Consistency Is Not Always Correct: Towards Understanding the Role of Exploration in Post-Training Reasoning
Dake Bu, Wei Huang, Andi Han, Atsushi Nitanda, Bo Xue, Qingfu Zhang, Hau-San Wong, Taiji Suzuki
TL;DR
This work introduces a tractable Tree-structured Multi-task Markov Chain (TMC) framework to model how post-training strategies like RLVR and inference-based reward shaping affect reasoning traces across multiple tasks. The authors show that both RLVR finetuning and population-based inference-scaling exhibit a simplicity bias, favoring easy, common CoTs and risking the forgetting of rare but crucial hard-CoT traces needed for difficult instances. They formalize antidotes such as rejecting easy instances and KL-regularization, and propose DPRM (Doob’s h-transform)–based sampling to preserve breadth of CoTs, including hard ones, while maintaining cross-task capabilities. Empirical simulations corroborate the theory, indicating that exploration within the existing CoT tree can preserve rare yet critical reasoning paths, guiding the design of more robust post-training and inference strategies. The findings imply that carefully designed exploration and reward schemes are essential to maintain and leverage diverse reasoning patterns in multi-task settings, with potential impact on how we fine-tune and decode large language models for hard problems.
Abstract
Foundation models exhibit broad knowledge but limited task-specific reasoning, motivating post-training strategies such as RLVR and inference scaling with outcome or process reward models (ORM/PRM).

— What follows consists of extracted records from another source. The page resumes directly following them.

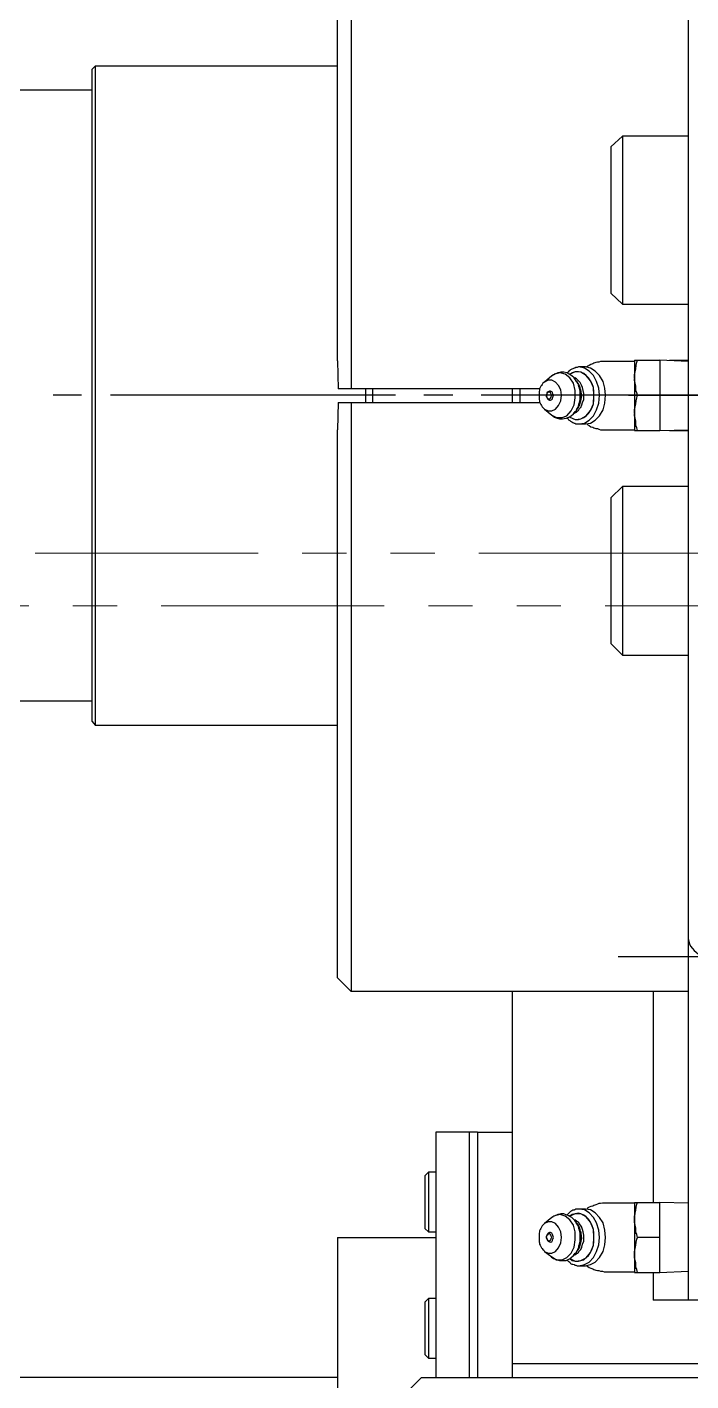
# Model space of a CAD drawing. Header units: millimetres. Extents: x -211 to 45495, y 24 to 52952.
# Drawn here: x 8854.5 to 8949.2, y 40375.1 to 40568 of the extents above; entities that cross this region are included whole.
import ezdxf

# ---------------------------------------------------------------- set-up
doc = ezdxf.new("R2010")
doc.units = ezdxf.units.MM
doc.linetypes.add('PHANTOM', pattern=[63.3, 31.8, -6.3, 6.3, -6.3, 6.3, -6.3])
doc.layers.add('Layer2', color=7, linetype='Continuous')

# ---------------------------------------------------------------- blocks, each defined once
blk = doc.blocks.new('BLKF1672')
at = {"layer": 'Layer2', "color": 7, "linetype": 'Continuous', "lineweight": 25}
for p, q in [((8948.84, 40438.47), (8948.84, 40438.13)), ((8948.84, 40438.13), (8948.92, 40437.7)), ((8948.92, 40437.7), (8949.01, 40437.35)), ((8949.01, 40437.35), (8949.18, 40437.01)), ((8949.18, 40437.01), (8949.44, 40436.67)), ((8949.44, 40436.67), (8949.7, 40436.41)), ((8949.7, 40436.41), (8949.96, 40436.15)), ((8949.96, 40436.15), (8950.3, 40435.89)), ((8950.3, 40435.89), (8950.65, 40435.72)), ((8950.65, 40435.72), (8951.08, 40435.63)), ((8951.08, 40435.63), (8951.42, 40435.55))]:
    blk.add_line(p, q, dxfattribs=at)
blk = doc.blocks.new('BLKF1807')
at = {"layer": 'Layer2', "color": 7, "linetype": 'Continuous', "lineweight": 25}
for p, q in [((8929.72, 40518.47), (8929.55, 40518.47)), ((8929.55, 40518.47), (8929.55, 40518.39)), ((8929.81, 40518.56), (8929.72, 40518.56)), ((8929.72, 40518.56), (8929.72, 40518.47)), ((8929.55, 40518.39), (8929.46, 40518.39))]:
    blk.add_line(p, q, dxfattribs=at)
blk = doc.blocks.new('BLKF1808')
at = {"layer": 'Layer2', "color": 7, "linetype": 'Continuous', "lineweight": 25}
for p, q in [((8931.27, 40518.56), (8930.58, 40518.73)), ((8931.96, 40518.04), (8931.27, 40518.56)), ((8932.48, 40517.27), (8931.96, 40518.04)), ((8932.73, 40516.24), (8932.48, 40517.27)), ((8932.56, 40514.17), (8932.73, 40515.2)), ((8932.73, 40515.2), (8932.73, 40516.24)), ((8929.38, 40512.7), (8930.07, 40512.36)), ((8931.53, 40512.62), (8932.13, 40513.31)), ((8932.13, 40513.31), (8932.56, 40514.17)), ((8930.07, 40512.36), (8930.84, 40512.36)), ((8930.84, 40512.36), (8931.53, 40512.62))]:
    blk.add_line(p, q, dxfattribs=at)
blk = doc.blocks.new('BLKF1809')
at = {"layer": 'Layer2', "color": 7, "linetype": 'Continuous', "lineweight": 25}
for p, q in [((8929.38, 40517.7), (8928.86, 40517.7)), ((8929.89, 40517.44), (8929.38, 40517.7)), ((8930.32, 40516.92), (8929.89, 40517.44)), ((8930.67, 40516.32), (8930.32, 40516.92)), ((8927.57, 40515.55), (8927.57, 40514.94)), ((8927.57, 40514.94), (8927.65, 40514.77)), ((8927.65, 40514.77), (8927.65, 40514.6)), ((8927.65, 40514.6), (8927.74, 40514.43)), ((8930.32, 40514.08), (8930.67, 40514.77)), ((8930.75, 40515.55), (8930.67, 40516.32)), ((8930.67, 40514.77), (8930.75, 40515.55)), ((8927.74, 40514.43), (8927.83, 40514.25)), ((8927.83, 40514.25), (8927.91, 40514.08)), ((8927.91, 40514.08), (8928, 40513.91)), ((8928, 40513.91), (8928.08, 40513.82)), ((8928.08, 40513.82), (8928.26, 40513.65)), ((8928.26, 40513.65), (8928.34, 40513.57)), ((8928.34, 40513.57), (8928.86, 40513.31)), ((8928.86, 40513.31), (8929.38, 40513.31)), ((8929.38, 40513.31), (8929.89, 40513.57)), ((8929.89, 40513.57), (8930.32, 40514.08))]:
    blk.add_line(p, q, dxfattribs=at)
blk = doc.blocks.new('BLKF1810')
at = {"layer": 'Layer2', "color": 7, "linetype": 'Continuous', "lineweight": 25}
for p, q in [((8927.74, 40516.67), (8927.65, 40516.49)), ((8927.83, 40516.84), (8927.74, 40516.67)), ((8927.91, 40516.92), (8927.83, 40516.84)), ((8928, 40517.1), (8927.91, 40516.92)), ((8928.08, 40517.27), (8928, 40517.1)), ((8928.26, 40517.35), (8928.08, 40517.27)), ((8928.34, 40517.44), (8928.26, 40517.35)), ((8927.65, 40516.32), (8927.57, 40516.06)), ((8927.57, 40516.06), (8927.57, 40515.89)), ((8927.57, 40515.89), (8927.57, 40515.72)), ((8927.65, 40516.49), (8927.65, 40516.32))]:
    blk.add_line(p, q, dxfattribs=at)
blk = doc.blocks.new('BLKF1811')
at = {"layer": 'Layer2', "color": 7, "linetype": 'Continuous', "lineweight": 25}
for p, q in [((8933.42, 40516.32), (8933.34, 40516.58)), ((8933.34, 40514.51), (8933.42, 40514.77)), ((8933.42, 40516.15), (8933.42, 40516.32)), ((8933.42, 40515.89), (8933.42, 40516.15)), ((8933.42, 40515.63), (8933.42, 40515.89)), ((8933.42, 40515.46), (8933.42, 40515.63)), ((8933.42, 40515.2), (8933.42, 40515.46)), ((8933.42, 40514.94), (8933.42, 40515.2)), ((8933.42, 40514.77), (8933.42, 40514.94)), ((8933.25, 40514.34), (8933.34, 40514.51)), ((8933.25, 40514.08), (8933.25, 40514.34))]:
    blk.add_line(p, q, dxfattribs=at)
blk = doc.blocks.new('BLKF1812')
at = {"layer": 'Layer2', "color": 7, "linetype": 'Continuous', "lineweight": 25}
for p, q in [((8932.91, 40513.48), (8932.99, 40513.57)), ((8932.99, 40513.57), (8932.99, 40513.65)), ((8932.99, 40513.65), (8933.08, 40513.65)), ((8933.08, 40513.82), (8933.17, 40513.91)), ((8933.08, 40513.74), (8933.08, 40513.82)), ((8933.08, 40513.65), (8933.08, 40513.74)), ((8933.17, 40514), (8933.17, 40514.08)), ((8933.17, 40513.91), (8933.17, 40514))]:
    blk.add_line(p, q, dxfattribs=at)
blk = doc.blocks.new('BLKF1813')
at = {"layer": 'Layer2', "color": 7, "linetype": 'Continuous', "lineweight": 25}
for p, q in [((8929.81, 40518.56), (8929.46, 40518.39)), ((8930.24, 40518.73), (8929.81, 40518.56)), ((8930.32, 40518.73), (8930.24, 40518.73)), ((8930.67, 40518.82), (8930.32, 40518.73)), ((8931.1, 40518.82), (8930.67, 40518.82)), ((8931.53, 40518.73), (8931.1, 40518.82)), ((8931.87, 40518.56), (8931.53, 40518.73)), ((8932.22, 40518.3), (8931.87, 40518.56)), ((8932.56, 40518.04), (8932.22, 40518.3)), ((8932.65, 40517.87), (8932.56, 40518.04)), ((8932.91, 40517.53), (8932.65, 40517.87)), ((8933.17, 40517.18), (8932.91, 40517.53)), ((8933.17, 40517.1), (8933.17, 40517.18))]:
    blk.add_line(p, q, dxfattribs=at)
blk = doc.blocks.new('BLKF1814')
at = {"layer": 'Layer2', "color": 7, "linetype": 'Continuous', "lineweight": 25}
for p, q in [((8933.34, 40516.58), (8933.25, 40516.75)), ((8933.42, 40516.15), (8933.34, 40516.58)), ((8933.34, 40514.51), (8933.42, 40514.94)), ((8933.42, 40515.98), (8933.42, 40516.15)), ((8933.51, 40515.55), (8933.42, 40515.98)), ((8933.42, 40515.12), (8933.51, 40515.55)), ((8933.42, 40515.03), (8933.42, 40515.12)), ((8933.42, 40514.94), (8933.42, 40515.03)), ((8929.29, 40512.79), (8929.63, 40512.53)), ((8932.13, 40512.62), (8932.48, 40512.88)), ((8932.48, 40512.88), (8932.73, 40513.22)), ((8932.73, 40513.22), (8932.82, 40513.22)), ((8932.82, 40513.22), (8932.99, 40513.57)), ((8932.99, 40513.57), (8933.17, 40514)), ((8933.17, 40514), (8933.25, 40514.08)), ((8933.25, 40514.17), (8933.34, 40514.51)), ((8933.25, 40514.08), (8933.25, 40514.17)), ((8929.63, 40512.53), (8929.72, 40512.45)), ((8929.72, 40512.45), (8930.15, 40512.27)), ((8930.15, 40512.27), (8930.5, 40512.19)), ((8930.5, 40512.19), (8930.93, 40512.19)), ((8930.93, 40512.19), (8931.36, 40512.27)), ((8931.36, 40512.27), (8931.44, 40512.27)), ((8931.44, 40512.27), (8931.79, 40512.45)), ((8931.79, 40512.45), (8932.13, 40512.62))]:
    blk.add_line(p, q, dxfattribs=at)
blk = doc.blocks.new('BLKF1815')
at = {"layer": 'Layer2', "color": 7, "linetype": 'Continuous', "lineweight": 25}
for p, q in [((8928.69, 40515.63), (8928.6, 40515.63)), ((8928.6, 40515.63), (8928.6, 40515.55)), ((8928.6, 40515.55), (8928.69, 40515.29)), ((8928.86, 40516.06), (8928.69, 40515.89)), ((8928.69, 40515.89), (8928.69, 40515.63)), ((8928.69, 40515.29), (8928.77, 40515.03)), ((8929.03, 40516.15), (8928.86, 40516.06)), ((8928.86, 40514.94), (8929.03, 40514.86)), ((8929.2, 40516.15), (8929.03, 40516.15)), ((8929.03, 40514.86), (8929.2, 40514.86)), ((8929.38, 40516.06), (8929.2, 40516.15)), ((8929.2, 40514.86), (8929.38, 40514.94)), ((8929.46, 40515.98), (8929.38, 40516.06)), ((8929.38, 40514.94), (8929.46, 40515.03)), ((8929.55, 40515.72), (8929.46, 40515.98)), ((8929.46, 40515.03), (8929.55, 40515.29)), ((8929.63, 40515.55), (8929.55, 40515.72)), ((8929.55, 40515.29), (8929.63, 40515.55))]:
    blk.add_line(p, q, dxfattribs=at)
blk = doc.blocks.new('BLKF1816')
at = {"layer": 'Layer2', "color": 7, "linetype": 'Continuous', "lineweight": 25}
for p, q in [((8928.69, 40515.72), (8928.6, 40515.63)), ((8928.6, 40515.63), (8928.6, 40515.55)), ((8928.6, 40515.55), (8928.6, 40515.46)), ((8928.6, 40515.46), (8928.6, 40515.37)), ((8928.6, 40515.37), (8928.69, 40515.29)), ((8928.77, 40515.89), (8928.69, 40515.8)), ((8928.69, 40515.8), (8928.69, 40515.72)), ((8928.69, 40515.29), (8928.69, 40515.2)), ((8928.69, 40515.2), (8928.77, 40515.12)), ((8928.95, 40515.98), (8928.77, 40515.98)), ((8928.77, 40515.98), (8928.77, 40515.89)), ((8928.77, 40515.12), (8928.86, 40515.03)), ((8928.86, 40515.03), (8928.95, 40515.03)), ((8928.95, 40515.03), (8929.12, 40515.03)), ((8929.2, 40515.98), (8929.12, 40515.98)), ((8929.12, 40515.03), (8929.2, 40515.12)), ((8929.2, 40515.89), (8929.2, 40515.98)), ((8929.29, 40515.72), (8929.2, 40515.89)), ((8929.2, 40515.12), (8929.29, 40515.29)), ((8929.29, 40515.63), (8929.29, 40515.72)), ((8929.38, 40515.55), (8929.29, 40515.63)), ((8929.29, 40515.37), (8929.38, 40515.55)), ((8929.29, 40515.29), (8929.29, 40515.37))]:
    blk.add_line(p, q, dxfattribs=at)
blk = doc.blocks.new('BLKF1817')
at = {"layer": 'Layer2', "color": 7, "linetype": 'Continuous', "lineweight": 25}
for p, q in [((8933.25, 40517.01), (8933.17, 40517.1)), ((8933.25, 40516.92), (8933.25, 40517.01)), ((8933.34, 40516.84), (8933.25, 40516.92)), ((8933.34, 40516.75), (8933.34, 40516.84)), ((8933.42, 40516.67), (8933.34, 40516.75)), ((8933.42, 40516.41), (8933.42, 40516.67)), ((8933.51, 40516.32), (8933.42, 40516.41))]:
    blk.add_line(p, q, dxfattribs=at)
blk = doc.blocks.new('BLKF1818')
at = {"layer": 'Layer2', "color": 7, "linetype": 'Continuous', "lineweight": 25}
for p, q in [((8933.08, 40517.35), (8932.99, 40517.35)), ((8933.08, 40517.18), (8933.08, 40517.35)), ((8933.17, 40517.18), (8933.08, 40517.18)), ((8933.17, 40517.1), (8933.17, 40517.18))]:
    blk.add_line(p, q, dxfattribs=at)
blk = doc.blocks.new('BLKF1819')
at = {"layer": 'Layer2', "color": 7, "linetype": 'Continuous', "lineweight": 25}
for p, q in [((8933.42, 40514.51), (8933.51, 40514.69)), ((8933.6, 40515.8), (8933.51, 40515.98)), ((8933.51, 40515.03), (8933.6, 40515.2)), ((8933.51, 40514.86), (8933.51, 40515.03)), ((8933.51, 40514.69), (8933.51, 40514.86)), ((8933.6, 40515.63), (8933.6, 40515.8)), ((8933.6, 40515.55), (8933.6, 40515.63)), ((8933.6, 40515.37), (8933.6, 40515.55)), ((8933.6, 40515.2), (8933.6, 40515.37)), ((8933.34, 40514.25), (8933.42, 40514.43)), ((8933.42, 40514.43), (8933.42, 40514.51))]:
    blk.add_line(p, q, dxfattribs=at)
blk = doc.blocks.new('BLKF1820')
at = {"layer": 'Layer2', "color": 7, "linetype": 'Continuous', "lineweight": 25}
for p, q in [((8933.17, 40513.91), (8933.25, 40514)), ((8933.17, 40513.82), (8933.17, 40513.91)), ((8933.25, 40514), (8933.25, 40514.17)), ((8933.25, 40514.17), (8933.34, 40514.17))]:
    blk.add_line(p, q, dxfattribs=at)
blk = doc.blocks.new('BLKF1821')
at = {"layer": 'Layer2', "color": 7, "linetype": 'Continuous', "lineweight": 25}
for p, q in [((8933.42, 40514.6), (8933.34, 40514.17)), ((8933.42, 40516.41), (8933.51, 40516.15)), ((8933.51, 40514.94), (8933.42, 40514.6)), ((8933.51, 40516.15), (8933.51, 40515.89)), ((8933.51, 40515.89), (8933.6, 40515.46)), ((8933.6, 40515.46), (8933.51, 40515.03)), ((8933.51, 40515.03), (8933.51, 40514.94))]:
    blk.add_line(p, q, dxfattribs=at)
blk = doc.blocks.new('BLKF1822')
at = {"layer": 'Layer2', "color": 7, "linetype": 'Continuous', "lineweight": 25}
for p, q in [((8933.51, 40518.82), (8932.73, 40518.9)), ((8934.28, 40518.39), (8933.51, 40518.82)), ((8934.89, 40517.61), (8934.28, 40518.39)), ((8935.32, 40516.67), (8934.89, 40517.61)), ((8935.4, 40515.55), (8935.32, 40516.67)), ((8935.32, 40514.34), (8935.4, 40515.55)), ((8934.28, 40512.62), (8934.89, 40513.39)), ((8934.89, 40513.39), (8935.32, 40514.34)), ((8931.96, 40512.45), (8932.73, 40512.1)), ((8932.73, 40512.1), (8933.51, 40512.19)), ((8933.51, 40512.19), (8934.28, 40512.62))]:
    blk.add_line(p, q, dxfattribs=at)
blk = doc.blocks.new('BLKF1823')
at = {"layer": 'Layer2', "color": 7, "linetype": 'Continuous', "lineweight": 25}
for p, q in [((8933.17, 40517.61), (8932.91, 40517.87)), ((8933.42, 40517.35), (8933.17, 40517.61)), ((8933.6, 40517.01), (8933.42, 40517.35)), ((8933.77, 40516.67), (8933.6, 40517.01)), ((8933.85, 40516.24), (8933.77, 40516.67)), ((8933.77, 40514.51), (8933.94, 40514.94)), ((8933.94, 40515.8), (8933.85, 40516.24)), ((8933.94, 40515.37), (8933.94, 40515.8)), ((8933.94, 40514.94), (8933.94, 40515.37)), ((8933.51, 40513.82), (8933.68, 40514.17)), ((8933.68, 40514.17), (8933.77, 40514.51))]:
    blk.add_line(p, q, dxfattribs=at)
blk = doc.blocks.new('BLKF1824')
at = {"layer": 'Layer2', "color": 7, "linetype": 'Continuous', "lineweight": 25}
for p, q in [((8932.56, 40512.96), (8932.65, 40513.05)), ((8932.65, 40513.05), (8932.73, 40513.05)), ((8932.73, 40513.05), (8932.82, 40513.14)), ((8932.82, 40513.14), (8932.91, 40513.14)), ((8932.91, 40513.14), (8932.99, 40513.22)), ((8932.99, 40513.22), (8933.08, 40513.31)), ((8933.08, 40513.31), (8933.17, 40513.39)), ((8933.17, 40513.39), (8933.25, 40513.48)), ((8933.25, 40513.48), (8933.34, 40513.65)), ((8933.34, 40513.65), (8933.42, 40513.74))]:
    blk.add_line(p, q, dxfattribs=at)
blk = doc.blocks.new('BLKF1825')
at = {"layer": 'Layer2', "color": 7, "linetype": 'Continuous', "lineweight": 25}
for p, q in [((8935.58, 40518.99), (8934.89, 40519.42)), ((8936.18, 40518.39), (8935.58, 40518.99)), ((8936.7, 40517.53), (8936.18, 40518.39)), ((8936.95, 40516.58), (8936.7, 40517.53)), ((8937.04, 40515.55), (8936.95, 40516.58)), ((8936.95, 40514.43), (8937.04, 40515.55)), ((8936.18, 40512.62), (8936.7, 40513.48)), ((8936.7, 40513.48), (8936.95, 40514.43)), ((8934.2, 40511.5), (8934.89, 40511.59)), ((8934.89, 40511.59), (8935.58, 40512.02)), ((8935.58, 40512.02), (8936.18, 40512.62))]:
    blk.add_line(p, q, dxfattribs=at)
blk = doc.blocks.new('BLKF1826')
at = {"layer": 'Layer2', "color": 7, "linetype": 'Continuous', "lineweight": 25}
for p, q in [((8931.79, 40518.99), (8931.7, 40518.82)), ((8931.96, 40519.08), (8931.79, 40518.99)), ((8932.05, 40519.16), (8931.96, 40519.08)), ((8932.22, 40519.25), (8932.05, 40519.16)), ((8932.39, 40519.34), (8932.22, 40519.25)), ((8932.56, 40519.42), (8932.39, 40519.34)), ((8932.65, 40519.42), (8932.56, 40519.42)), ((8932.82, 40519.51), (8932.65, 40519.42)), ((8932.99, 40519.51), (8932.82, 40519.51)), ((8933.17, 40519.59), (8932.99, 40519.51)), ((8933.25, 40519.59), (8933.17, 40519.59))]:
    blk.add_line(p, q, dxfattribs=at)
blk = doc.blocks.new('BLKF1827')
at = {"layer": 'Layer2', "color": 7, "linetype": 'Continuous', "lineweight": 25}
for p, q in [((8934.72, 40518.99), (8934.03, 40519.42)), ((8935.32, 40518.39), (8934.72, 40518.99)), ((8935.75, 40517.53), (8935.32, 40518.39)), ((8936.09, 40516.58), (8935.75, 40517.53)), ((8936.18, 40515.55), (8936.09, 40516.58)), ((8936.09, 40514.43), (8936.18, 40515.55)), ((8935.32, 40512.62), (8935.75, 40513.48)), ((8935.75, 40513.48), (8936.09, 40514.43)), ((8933.25, 40511.5), (8934.03, 40511.59)), ((8934.03, 40511.59), (8934.72, 40512.02)), ((8934.72, 40512.02), (8935.32, 40512.62))]:
    blk.add_line(p, q, dxfattribs=at)
blk = doc.blocks.new('BLKF1828')
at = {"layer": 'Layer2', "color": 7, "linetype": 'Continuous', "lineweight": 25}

While recent work highlights the role of exploration and entropy stability in improving pass@K, empirical evidence points to a paradox: RLVR and ORM/PRM typically reinforce existing tree-like reasoning paths rather than expanding the reasoning scope, raising the question of why exploration helps at all if no new patterns emerge. To reconcile this paradox, we adopt the perspective of Kim et al. (2025), viewing easy (e.g., simplifying a fraction) versus hard (e.g., discovering a symmetry) reasoning steps as low- versus high-probability Markov transitions, and formalize post-training dynamics through Multi-task Tree-structured Markov Chains (TMC). In this tractable model, pretraining corresponds to tree expansion, while post-training corresponds to chain-of-thought reweighting. We show that several phenomena recently observed in empirical studies arise naturally in this setting: (1) RLVR induces a squeezing effect, reducing reasoning entropy and forgetting some correct paths; (2) population rewards of ORM/PRM encourage consistency rather than accuracy, thereby favoring common patterns; and (3) certain rare, high-uncertainty reasoning paths by the base model are responsible for solving hard problem instances. Together, these explain why exploration -- even when confined to the base model's reasoning scope -- remains essential: it preserves access to rare but crucial reasoning traces needed for difficult cases, which are squeezed out by RLVR or unfavored by inference scaling. Building on this, we further show that exploration strategies such as rejecting easy instances and KL regularization help preserve rare reasoning traces. Empirical simulations corroborate our theoretical results.